**Requirement:** Below are the records; copy out every line that holds the word "Mask".

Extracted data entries

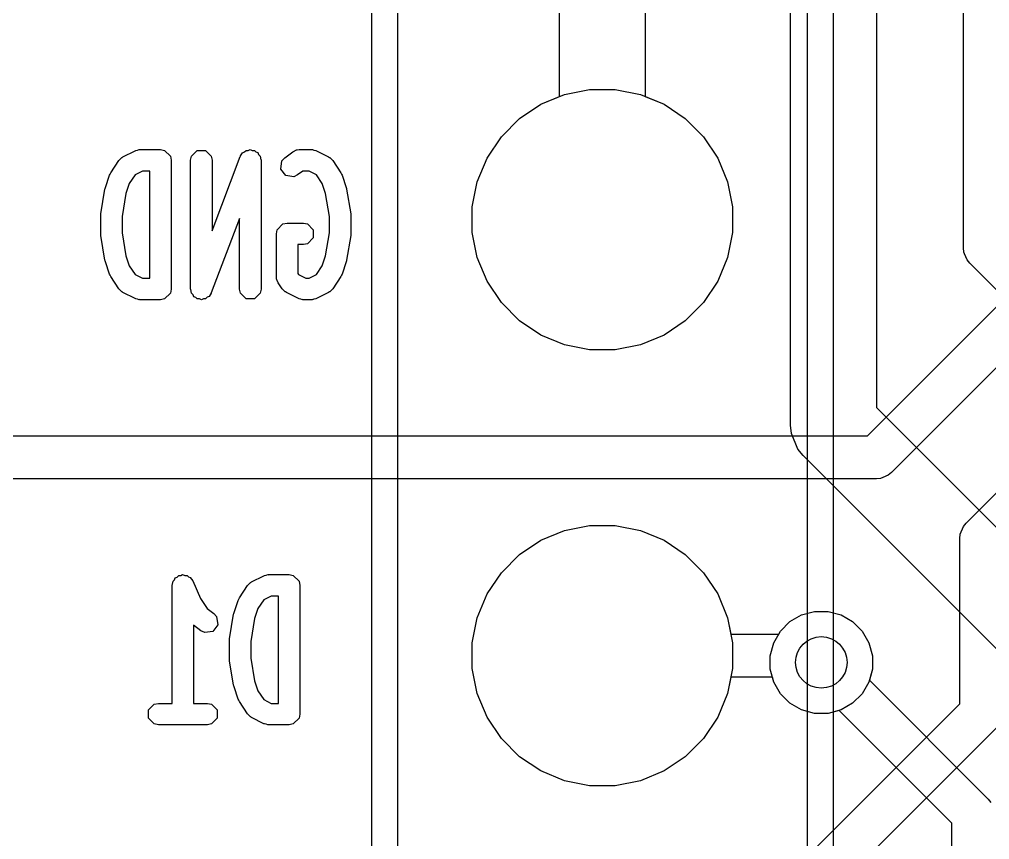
# Model space of a CAD drawing. Header units: millimetres. Extents: x 14 to 286, y -133 to -45.
# Drawn here: x 154.34 to 160, y -71.04 to -66.26 of the extents above; entities that cross this region are included whole.
import ezdxf

# ---------------------------------------------------------------- set-up
doc = ezdxf.new("R2010")
doc.units = ezdxf.units.MM
for name, color, linetype, true_color in [('B.Cu', 153, 'CONTINUOUS', 0x4d7fc4), ('B.Mask', 4, 'CONTINUOUS', 0x02ffee), ('B.Silkscreen', 31, 'CONTINUOUS', 0xe8b2a7), ('F.Cu', 13, 'CONTINUOUS', 0xc83434), ('F.Mask', 201, 'CONTINUOUS', 0xd864ff)]:
    doc.layers.add(name, color=color, linetype=linetype, true_color=true_color)

msp = doc.modelspace()

# ---------------------------------------------------------------- linework, layer by layer
at = {"layer": 'B.Cu', "linetype": 'CONTINUOUS'}
for p, q in [((159.845, -67.595), (159.845, -58.785977)), ((159.3373, -63.868053), (159.3373, -68.524246)), ((158.8373, -68.6278), (158.8373, -64.146253)), ((157.49, -66.712741), (157.49, -65.607258)), ((157.99, -65.607258), (157.99, -66.712741)), ((157.380796, -66.757976), (157.49, -66.712741)), ((157.99, -66.712741), (158.099204, -66.757976)), ((157.256592, -66.840966), (157.380796, -66.757976)), ((158.099204, -66.757976), (158.223408, -66.840966)), ((157.150966, -66.946592), (157.256592, -66.840966)), ((158.223408, -66.840966), (158.329034, -66.946592)), ((157.067976, -67.070796), (157.150966, -66.946592)), ((158.329034, -66.946592), (158.412024, -67.070796)), ((157.010811, -67.208803), (157.067976, -67.070796)), ((158.412024, -67.070796), (158.469189, -67.208803)), ((156.981669, -67.355311), (157.010811, -67.208803)), ((158.469189, -67.208803), (158.498331, -67.355311)), ((156.981669, -67.504689), (156.981669, -67.355311)), ((158.498331, -67.355311), (158.498331, -67.504689)), ((157.010811, -67.651197), (156.981669, -67.504689)), ((158.498331, -67.504689), (158.469189, -67.651197)), ((159.847402, -67.619386), (159.845, -67.595)), ((159.847402, -67.619387), (159.847402, -67.619386)), ((159.851139, -67.628408), (159.847402, -67.619387)), ((159.866066, -67.664446), (159.851139, -67.628408)), ((157.067976, -67.789204), (157.010811, -67.651197)), ((158.469189, -67.651197), (158.412024, -67.789204)), ((159.866071, -67.664451), (159.866066, -67.664446)), ((159.881612, -67.683388), (159.866071, -67.664451)), ((160.957467, -68.759243), (159.881612, -67.683388)), ((157.150966, -67.913408), (157.067976, -67.789204)), ((158.412024, -67.789204), (158.329034, -67.913408)), ((157.256592, -68.019034), (157.150966, -67.913408)), ((158.329034, -67.913408), (158.223408, -68.019034)), ((157.380796, -68.102024), (157.256592, -68.019034)), ((158.223408, -68.019034), (158.099204, -68.102024)), ((157.518803, -68.159189), (157.380796, -68.102024)), ((158.099204, -68.102024), (157.961197, -68.159189)), ((157.665311, -68.188331), (157.518803, -68.159189)), ((157.814689, -68.188331), (157.665311, -68.188331)), ((157.961197, -68.159189), (157.814689, -68.188331)), ((159.3373, -68.524246), (160.944277, -70.131224)), ((158.842104, -68.676573), (158.8373, -68.6278)), ((158.879433, -68.766693), (158.842104, -68.676573)), ((158.879437, -68.766697), (158.879433, -68.766693)), ((158.910523, -68.804577), (158.879437, -68.766697)), ((160.5175, -70.411553), (158.910523, -68.804577)), ((157.518803, -69.240811), (157.665311, -69.211669)), ((157.665311, -69.211669), (157.814689, -69.211669)), ((157.814689, -69.211669), (157.961197, -69.240811)), ((157.380796, -69.297976), (157.518803, -69.240811)), ((157.961197, -69.240811), (158.099204, -69.297976)), ((157.256592, -69.380966), (157.380796, -69.297976)), ((158.099204, -69.297976), (158.223408, -69.380966)), ((157.150966, -69.486592), (157.256592, -69.380966)), ((158.223408, -69.380966), (158.329034, -69.486592)), ((157.067976, -69.610796), (157.150966, -69.486592)), ((158.329034, -69.486592), (158.412024, -69.610796)), ((157.010811, -69.748803), (157.067976, -69.610796)), ((158.412024, -69.610796), (158.469189, -69.748803)), ((158.833572, -69.771394), (158.901395, -69.732236)), ((158.901395, -69.732236), (158.977042, -69.711967)), ((158.977042, -69.711967), (159.055358, -69.711967)), ((159.055358, -69.711967), (159.131005, -69.732236)), ((159.131005, -69.732236), (159.198828, -69.771394)), ((156.981669, -69.895311), (157.010811, -69.748803)), ((158.469189, -69.748803), (158.498331, -69.895311)), ((158.778194, -69.826772), (158.833572, -69.771394)), ((159.198828, -69.771394), (159.254206, -69.826772)), ((158.739036, -69.894595), (158.778194, -69.826772)), ((159.254206, -69.826772), (159.293364, -69.894595)), ((156.981669, -70.044689), (156.981669, -69.895311)), ((158.498331, -69.895311), (158.498331, -70.044689)), ((158.718767, -69.970242), (158.739036, -69.894595)), ((159.293364, -69.894595), (159.313633, -69.970242)), ((158.718767, -70.048558), (158.718767, -69.970242)), ((159.313633, -69.970242), (159.313633, -70.048558)), ((157.010811, -70.191197), (156.981669, -70.044689)), ((158.498331, -70.044689), (158.469189, -70.191197)), ((158.739036, -70.124205), (158.718767, -70.048558)), ((159.313633, -70.048558), (159.29641, -70.112834)), ((158.778194, -70.192028), (158.739036, -70.124205)), ((159.29641, -70.112834), (159.989588, -70.806012)), ((157.067976, -70.329204), (157.010811, -70.191197)), ((158.469189, -70.191197), (158.412024, -70.329204)), ((158.833572, -70.247406), (158.778194, -70.192028)), ((158.901395, -70.286564), (158.833572, -70.247406)), ((158.977042, -70.306833), (158.901395, -70.286564)), ((159.119634, -70.28961), (159.055358, -70.306833)), ((159.7762, -70.946176), (159.119634, -70.28961)), ((157.150966, -70.453408), (157.067976, -70.329204)), ((158.412024, -70.329204), (158.329034, -70.453408)), ((159.055358, -70.306833), (158.977042, -70.306833)), ((157.256592, -70.559034), (157.150966, -70.453408)), ((158.329034, -70.453408), (158.223408, -70.559034)), ((157.380796, -70.642024), (157.256592, -70.559034)), ((158.223408, -70.559034), (158.099204, -70.642024)), ((157.518803, -70.699189), (157.380796, -70.642024)), ((158.099204, -70.642024), (157.961197, -70.699189)), ((157.665311, -70.728331), (157.518803, -70.699189)), ((157.814689, -70.728331), (157.665311, -70.728331)), ((157.961197, -70.699189), (157.814689, -70.728331)), ((159.989588, -70.806012), (160.005128, -70.824948)), ((159.7762, -91.892823), (159.7762, -70.946176))]:
    msp.add_line(p, q, dxfattribs=at)
at = {"layer": 'B.Cu'}
msp.add_circle((159.0162, -70.0094), 0.15, dxfattribs=at)
at = {"layer": 'B.Mask', "linetype": 'CONTINUOUS'}
for p, q in [((157.518803, -66.700811), (157.665311, -66.671669)), ((157.665311, -66.671669), (157.814689, -66.671669)), ((157.814689, -66.671669), (157.961197, -66.700811)), ((157.380796, -66.757976), (157.518803, -66.700811)), ((157.961197, -66.700811), (158.099204, -66.757976)), ((157.256592, -66.840966), (157.380796, -66.757976)), ((158.099204, -66.757976), (158.223408, -66.840966)), ((157.150966, -66.946592), (157.256592, -66.840966)), ((158.223408, -66.840966), (158.329034, -66.946592)), ((157.067976, -67.070796), (157.150966, -66.946592)), ((158.329034, -66.946592), (158.412024, -67.070796)), ((157.010811, -67.208803), (157.067976, -67.070796)), ((158.412024, -67.070796), (158.469189, -67.208803)), ((156.981669, -67.355311), (157.010811, -67.208803)), ((158.469189, -67.208803), (158.498331, -67.355311)), ((156.981669, -67.504689), (156.981669, -67.355311)), ((158.498331, -67.355311), (158.498331, -67.504689)), ((157.010811, -67.651197), (156.981669, -67.504689)), ((158.498331, -67.504689), (158.469189, -67.651197)), ((157.067976, -67.789204), (157.010811, -67.651197)), ((158.469189, -67.651197), (158.412024, -67.789204)), ((157.150966, -67.913408), (157.067976, -67.789204)), ((158.412024, -67.789204), (158.329034, -67.913408)), ((157.256592, -68.019034), (157.150966, -67.913408)), ((158.329034, -67.913408), (158.223408, -68.019034)), ((157.380796, -68.102024), (157.256592, -68.019034)), ((158.223408, -68.019034), (158.099204, -68.102024)), ((157.518803, -68.159189), (157.380796, -68.102024)), ((158.099204, -68.102024), (157.961197, -68.159189)), ((157.665311, -68.188331), (157.518803, -68.159189)), ((157.814689, -68.188331), (157.665311, -68.188331)), ((157.961197, -68.159189), (157.814689, -68.188331)), ((157.518803, -69.240811), (157.665311, -69.211669)), ((157.665311, -69.211669), (157.814689, -69.211669)), ((157.814689, -69.211669), (157.961197, -69.240811)), ((157.380796, -69.297976), (157.518803, -69.240811)), ((157.961197, -69.240811), (158.099204, -69.297976)), ((157.256592, -69.380966), (157.380796, -69.297976)), ((158.099204, -69.297976), (158.223408, -69.380966)), ((157.150966, -69.486592), (157.256592, -69.380966)), ((158.223408, -69.380966), (158.329034, -69.486592)), ((157.067976, -69.610796), (157.150966, -69.486592)), ((158.329034, -69.486592), (158.412024, -69.610796)), ((157.010811, -69.748803), (157.067976, -69.610796)), ((158.412024, -69.610796), (158.469189, -69.748803)), ((156.981669, -69.895311), (157.010811, -69.748803)), ((158.469189, -69.748803), (158.498331, -69.895311)), ((156.981669, -70.044689), (156.981669, -69.895311)), ((158.498331, -69.895311), (158.498331, -70.044689)), ((157.010811, -70.191197), (156.981669, -70.044689)), ((158.498331, -70.044689), (158.469189, -70.191197)), ((157.067976, -70.329204), (157.010811, -70.191197)), ((158.469189, -70.191197), (158.412024, -70.329204)), ((157.150966, -70.453408), (157.067976, -70.329204)), ((158.412024, -70.329204), (158.329034, -70.453408)), ((157.256592, -70.559034), (157.150966, -70.453408)), ((158.329034, -70.453408), (158.223408, -70.559034)), ((157.380796, -70.642024), (157.256592, -70.559034)), ((158.223408, -70.559034), (158.099204, -70.642024)), ((157.518803, -70.699189), (157.380796, -70.642024)), ((158.099204, -70.642024), (157.961197, -70.699189)), ((157.665311, -70.728331), (157.518803, -70.699189)), ((157.814689, -70.728331), (157.665311, -70.728331)), ((157.961197, -70.699189), (157.814689, -70.728331))]:
    msp.add_line(p, q, dxfattribs=at)
at = {"layer": 'B.Silkscreen', "linetype": 'CONTINUOUS'}
for p, q in [((159.085, -56), (159.085, -89.02)), ((156.395, -89.02), (156.395, -58.615)), ((156.545, -58.615), (156.545, -88.945)), ((158.935, -88.945), (158.935, -58.615)), ((157.518803, -66.700811), (157.665311, -66.671669)), ((157.665311, -66.671669), (157.814689, -66.671669)), ((157.814689, -66.671669), (157.961197, -66.700811)), ((157.380796, -66.757976), (157.518803, -66.700811)), ((157.961197, -66.700811), (158.099204, -66.757976)), ((157.256592, -66.840966), (157.380796, -66.757976)), ((158.099204, -66.757976), (158.223408, -66.840966)), ((157.150966, -66.946592), (157.256592, -66.840966)), ((158.223408, -66.840966), (158.329034, -66.946592)), ((157.067976, -67.070796), (157.150966, -66.946592)), ((158.329034, -66.946592), (158.412024, -67.070796)), ((154.925955, -67.078728), (154.932522, -67.07363)), ((154.932522, -67.07363), (154.938394, -67.067747)), ((154.938394, -67.067747), (154.940697, -67.067286)), ((154.940697, -67.067286), (154.94522, -67.063776)), ((154.94522, -67.063776), (155.016648, -67.028062)), ((155.016648, -67.028062), (155.019667, -67.027235)), ((155.019667, -67.027235), (155.020681, -67.026222)), ((155.020681, -67.026222), (155.0305, -67.024268)), ((155.0305, -67.024268), (155.040169, -67.021621)), ((155.040169, -67.021621), (155.041529, -67.022074)), ((155.041529, -67.022074), (155.044599, -67.021464)), ((155.044599, -67.021464), (155.163647, -67.021464)), ((155.163647, -67.021464), (155.187565, -67.026222)), ((155.187565, -67.026222), (155.221389, -67.060046)), ((155.221389, -67.060046), (155.226147, -67.083964)), ((155.339243, -67.083964), (155.344001, -67.060046)), ((155.344001, -67.060046), (155.377825, -67.026222)), ((155.377825, -67.026222), (155.425661, -67.026222)), ((155.425661, -67.026222), (155.459485, -67.060046)), ((155.459485, -67.060046), (155.464243, -67.083964)), ((155.464243, -67.494338), (155.629052, -67.061714)), ((155.629052, -67.061714), (155.629536, -67.060941)), ((155.629536, -67.060941), (155.629715, -67.060046)), ((155.629715, -67.060046), (155.630744, -67.059016)), ((155.630744, -67.059016), (155.642013, -67.041057)), ((155.642013, -67.041057), (155.65414, -67.03562)), ((155.65414, -67.03562), (155.663539, -67.026222)), ((155.663539, -67.026222), (155.675106, -67.026222)), ((155.675106, -67.026222), (155.685662, -67.02149)), ((155.685662, -67.02149), (155.698084, -67.026222)), ((155.698084, -67.026222), (155.711375, -67.026222)), ((155.711375, -67.026222), (155.719553, -67.0344)), ((155.719553, -67.0344), (155.730364, -67.038519)), ((155.730364, -67.038519), (155.735801, -67.050648)), ((155.735801, -67.050648), (155.745199, -67.060046)), ((155.745199, -67.060046), (155.749335, -67.080839)), ((155.871773, -67.087835), (155.888052, -67.069678)), ((155.888052, -67.069678), (155.935671, -67.033964)), ((155.935671, -67.033964), (155.946891, -67.028583)), ((155.946891, -67.028583), (155.949253, -67.026222)), ((155.949253, -67.026222), (155.953632, -67.02535)), ((155.953632, -67.02535), (155.957661, -67.023419)), ((155.957661, -67.023419), (155.960968, -67.023891)), ((155.960968, -67.023891), (155.973171, -67.021464)), ((155.973171, -67.021464), (156.0446, -67.021464)), ((156.0446, -67.021464), (156.047671, -67.022074)), ((156.047671, -67.022074), (156.04903, -67.021622)), ((156.04903, -67.021622), (156.05869, -67.024267)), ((156.05869, -67.024267), (156.068518, -67.026222)), ((156.068518, -67.026222), (156.069531, -67.027235)), ((156.069531, -67.027235), (156.072551, -67.028062)), ((156.072551, -67.028062), (156.143979, -67.063776)), ((156.143979, -67.063776), (156.148503, -67.067287)), ((156.148503, -67.067287), (156.150805, -67.067748)), ((156.150805, -67.067748), (156.156673, -67.073628)), ((156.156673, -67.073628), (156.163244, -67.078728)), ((157.010811, -67.208803), (157.067976, -67.070796)), ((158.412024, -67.070796), (158.469189, -67.208803)), ((154.873549, -67.156438), (154.921168, -67.085009)), ((154.921168, -67.085009), (154.925212, -67.080956)), ((154.925212, -67.080956), (154.925955, -67.078728)), ((155.226147, -67.083964), (155.226147, -67.833964)), ((155.339243, -67.833964), (155.339243, -67.083964)), ((155.464243, -67.083964), (155.464243, -67.494338)), ((155.749335, -67.080839), (155.749931, -67.082168)), ((155.749931, -67.082168), (155.749778, -67.083067)), ((155.749778, -67.083067), (155.749957, -67.083964)), ((155.749957, -67.083964), (155.749957, -67.833964)), ((155.865008, -67.135189), (155.871773, -67.087835)), ((156.163244, -67.078728), (156.163986, -67.080956)), ((156.163986, -67.080956), (156.168031, -67.085009)), ((156.168031, -67.085009), (156.21565, -67.156439)), ((154.842449, -67.24277), (154.866259, -67.171342)), ((154.866259, -67.171342), (154.870377, -67.164118)), ((154.870377, -67.164118), (154.873549, -67.156438)), ((155.015966, -67.168157), (154.982198, -67.218809)), ((155.059354, -67.146464), (155.015966, -67.168157)), ((155.101147, -67.146464), (155.059354, -67.146464)), ((155.101147, -67.771464), (155.101147, -67.146464)), ((155.893709, -67.173457), (155.865008, -67.135189)), ((155.941063, -67.180222), (155.893709, -67.173457)), ((155.963052, -67.169678), (155.941063, -67.180222)), ((155.994004, -67.146464), (155.963052, -67.169678)), ((156.029845, -67.146464), (155.994004, -67.146464)), ((156.073231, -67.168157), (156.029845, -67.146464)), ((156.107, -67.21881), (156.073231, -67.168157)), ((156.21565, -67.156439), (156.21882, -67.164116)), ((156.21882, -67.164116), (156.22294, -67.171342)), ((156.22294, -67.171342), (156.24675, -67.24277)), ((154.841833, -67.247656), (154.842449, -67.24277)), ((154.982198, -67.218809), (154.962585, -67.277648)), ((156.126613, -67.277648), (156.107, -67.21881)), ((156.24675, -67.24277), (156.247365, -67.247655)), ((156.981669, -67.355311), (157.010811, -67.208803)), ((158.469189, -67.208803), (158.498331, -67.355311)), ((154.816283, -67.395117), (154.840092, -67.252261)), ((154.840092, -67.252261), (154.841833, -67.247656)), ((154.962585, -67.277648), (154.940433, -67.410566)), ((156.148766, -67.410565), (156.126613, -67.277648)), ((156.247365, -67.247655), (156.249107, -67.25226)), ((156.249107, -67.25226), (156.272916, -67.395117)), ((156.981669, -67.504689), (156.981669, -67.355311)), ((158.498331, -67.355311), (158.498331, -67.504689)), ((154.815433, -67.405392), (154.816445, -67.400304)), ((154.815433, -67.512535), (154.815433, -67.405392)), ((154.816445, -67.400304), (154.816283, -67.395117)), ((154.940433, -67.410566), (154.940433, -67.50736)), ((156.148766, -67.507361), (156.148766, -67.410565)), ((156.272916, -67.395117), (156.272753, -67.400304)), ((156.272753, -67.400304), (156.273766, -67.405392)), ((156.273766, -67.405392), (156.273766, -67.512535)), ((155.624957, -67.42359), (155.460148, -67.856214)), ((155.624957, -67.833964), (155.624957, -67.42359)), ((155.844001, -67.488617), (155.877825, -67.454793)), ((155.877825, -67.454793), (155.901743, -67.450035)), ((155.901743, -67.450035), (155.996981, -67.450035)), ((155.996981, -67.450035), (156.020899, -67.454793)), ((156.020899, -67.454793), (156.054723, -67.488617)), ((154.816445, -67.517622), (154.815433, -67.512535)), ((154.816283, -67.52281), (154.816445, -67.517622)), ((154.840092, -67.665666), (154.816283, -67.52281)), ((154.940433, -67.50736), (154.962586, -67.64028)), ((155.839243, -67.512535), (155.844001, -67.488617)), ((155.839243, -67.762535), (155.839243, -67.512535)), ((156.054723, -67.488617), (156.054723, -67.536453)), ((156.126613, -67.640279), (156.148766, -67.507361)), ((156.272916, -67.52281), (156.249107, -67.665667)), ((156.273766, -67.512535), (156.272753, -67.517622)), ((156.272753, -67.517622), (156.272916, -67.52281)), ((157.010811, -67.651197), (156.981669, -67.504689)), ((158.498331, -67.504689), (158.469189, -67.651197)), ((155.996981, -67.575035), (155.964243, -67.575035)), ((155.964243, -67.575035), (155.964243, -67.743612)), ((156.020899, -67.570277), (155.996981, -67.575035)), ((156.054723, -67.536453), (156.020899, -67.570277)), ((154.962586, -67.64028), (154.982198, -67.699117)), ((156.107, -67.699117), (156.126613, -67.640279)), ((154.841833, -67.670271), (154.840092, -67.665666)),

**Response to this exercise:**
for name, color, linetype, true_color in [('B.Cu', 153, 'CONTINUOUS', 0x4d7fc4), ('B.Mask', 4, 'CONTINUOUS', 0x02ffee), ('B.Silkscreen', 31, 'CONTINUOUS', 0xe8b2a7), ('F.Cu', 13, 'CONTINUOUS', 0xc83434), ('F.Mask', 201, 'CONTINUOUS', 0xd864ff)]:
at = {"layer": 'B.Mask', "linetype": 'CONTINUOUS'}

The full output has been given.